Die Auswertung der Begutachtungsergebnisse zeige, so Kiefer weiter, dass der Anteil an höheren Pflegegraden zunehme. Dies sei mit deutlich höheren Ausgaben für die Pflegeversicherung verbunden. Es sei aber ein gutes Signal, dass bei den Begutachtungen offensichtlich die medizinisch-pflegerischen Notwendigkeiten über den finanziellen Folgen für die Pflegeversicherung stünden, lobte er.
Steigt der relative Anteil an höheren Pflegegraden, steigen die individuellen Leistungsansprüche und die absoluten Leistungsausgaben der Pflegebedürftigen. Die finanziellen Auswirkungen dieses Struktureffektes auf das laufende Jahr belaufen sich auf rund eine halbe Milliarde Euro, wie der Verband mitteilt.
Zwei Milliarden mehr Minus
Die Kalkulation der Pflegeversicherung hat den hohen Anstieg an Leistungsempfängern und die höheren Leistungsbezüge nicht berücksichtigt. Man erwarte im laufenden Jahr Mehrausgaben von rund zwei Milliarden Euro. "Damit wird sich das Defizit der Pflegeversicherung über die bisher eingeplante gut eine Milliarde Euro auf eine Größenordnung von rund drei Milliarden Euro bis Ende 2018 erhöhen", sagte Kiefer.

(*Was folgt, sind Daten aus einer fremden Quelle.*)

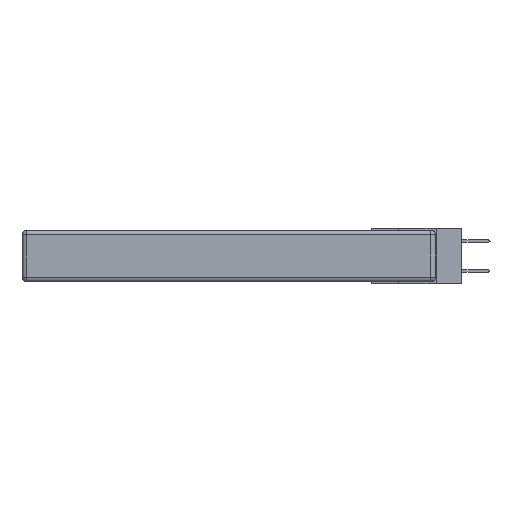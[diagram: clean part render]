
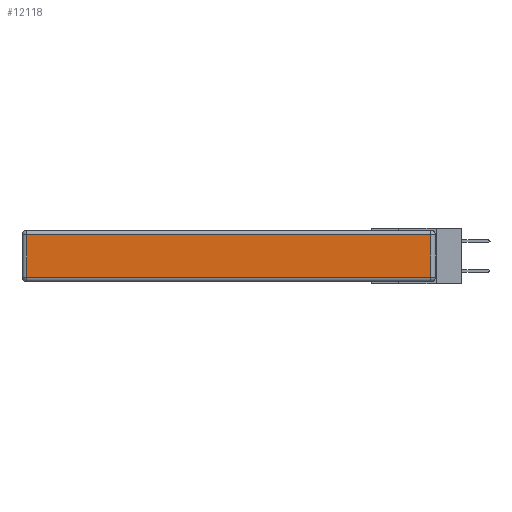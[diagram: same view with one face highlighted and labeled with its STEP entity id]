
A CAD part, left-side view. The second image highlights one B-rep face of the part: STEP entity #12118.
In plain terms, the highlighted planar face has unit normal (-1, 0, 0).
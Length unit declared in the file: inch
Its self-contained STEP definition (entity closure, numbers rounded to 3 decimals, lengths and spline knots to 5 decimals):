
#1745 = DIRECTION ( 'NONE',  ( 0., 1., 0. ) ) ;
#2986 = VERTEX_POINT ( 'NONE', #24913 ) ;
#3571 = VECTOR ( 'NONE', #25743, 39.37008 ) ;
#3903 = VECTOR ( 'NONE', #13615, 39.37008 ) ;
#4634 = LINE ( 'NONE', #25070, #3903 ) ;
#7358 = LINE ( 'NONE', #7777, #10177 ) ;
#7777 = CARTESIAN_POINT ( 'NONE',  ( 0., 0., -0.313 ) ) ;
#8126 = EDGE_CURVE ( 'NONE', #2986, #21353, #4634, .T. ) ;
#8740 = VECTOR ( 'NONE', #1745, 39.37008 ) ;
#9298 = CARTESIAN_POINT ( 'NONE',  ( 0., 2.72, -0.313 ) ) ;
#10177 = VECTOR ( 'NONE', #10221, 39.37008 ) ;
#10221 = DIRECTION ( 'NONE',  ( 0., -1., 0. ) ) ;
#10343 = ORIENTED_EDGE ( 'NONE', *, *, #8126, .T. ) ;
#11516 = CARTESIAN_POINT ( 'NONE',  ( 0., 2.72, -0.03 ) ) ;
#12118 = ADVANCED_FACE ( 'NONE', ( #26545 ), #17542, .T. ) ;
#12661 = LINE ( 'NONE', #23492, #3571 ) ;
#13084 = DIRECTION ( 'NONE',  ( -1., 0., 0. ) ) ;
#13615 = DIRECTION ( 'NONE',  ( 0., 0., 1. ) ) ;
#14871 = ORIENTED_EDGE ( 'NONE', *, *, #15817, .T. ) ;
#15067 = DIRECTION ( 'NONE',  ( 0., 0., 1. ) ) ;
#15817 = EDGE_CURVE ( 'NONE', #24008, #16947, #12661, .T. ) ;
#16355 = EDGE_CURVE ( 'NONE', #16947, #2986, #7358, .T. ) ;
#16497 = EDGE_CURVE ( 'NONE', #21353, #24008, #18605, .T. ) ;
#16947 = VERTEX_POINT ( 'NONE', #9298 ) ;
#17542 = PLANE ( 'NONE',  #18531 ) ;
#18531 = AXIS2_PLACEMENT_3D ( 'NONE', #19809, #13084, #15067 ) ;
#18605 = LINE ( 'NONE', #26916, #8740 ) ;
#19748 = ORIENTED_EDGE ( 'NONE', *, *, #16497, .T. ) ;
#19809 = CARTESIAN_POINT ( 'NONE',  ( 0., 0., -0.343 ) ) ;
#20227 = CARTESIAN_POINT ( 'NONE',  ( 0., 0.03, -0.03 ) ) ;
#21353 = VERTEX_POINT ( 'NONE', #20227 ) ;
#23492 = CARTESIAN_POINT ( 'NONE',  ( 0., 2.72, -0.343 ) ) ;
#24008 = VERTEX_POINT ( 'NONE', #11516 ) ;
#24913 = CARTESIAN_POINT ( 'NONE',  ( 0., 0.03, -0.313 ) ) ;
#25020 = ORIENTED_EDGE ( 'NONE', *, *, #16355, .T. ) ;
#25070 = CARTESIAN_POINT ( 'NONE',  ( 0., 0.03, -0.343 ) ) ;
#25743 = DIRECTION ( 'NONE',  ( 0., 0., -1. ) ) ;
#26545 = FACE_OUTER_BOUND ( 'NONE', #29114, .T. ) ;
#26916 = CARTESIAN_POINT ( 'NONE',  ( 0., 2.75, -0.03 ) ) ;
#29114 = EDGE_LOOP ( 'NONE', ( #25020, #10343, #19748, #14871 ) ) ;

Den Überlegungen des Gesundheitsministers Jens Spahn (CDU) den Beitrag zur Pflegeversicherung im kommenden Jahr um 0,2 Prozentpunkte zu steigern, um die Mehrausgaben zu finanzieren, erteilte Kiefer umgehend eine Absage. Die Zahlen müssten zunächst gründlich analysiert werden. "Statt reflexhaft einen höheren Beitragssatz als einzige Lösungsmöglichkeit anzukündigen, sollte auch über die Einführung eines Bundeszuschusses zur Pflegeversicherung nachgedacht werden", so der Verbands-Chef. In der Renten- und Krankenversicherung sei dies seit Jahren selbstverständlich.
Er erinnerte auch daran, dass der Koalitionsvertrag ebenfalls vorsehe die Beitragssatzsumme in der Sozialversicherung zumindest für die laufende Legislaturperiode zu stabilisieren.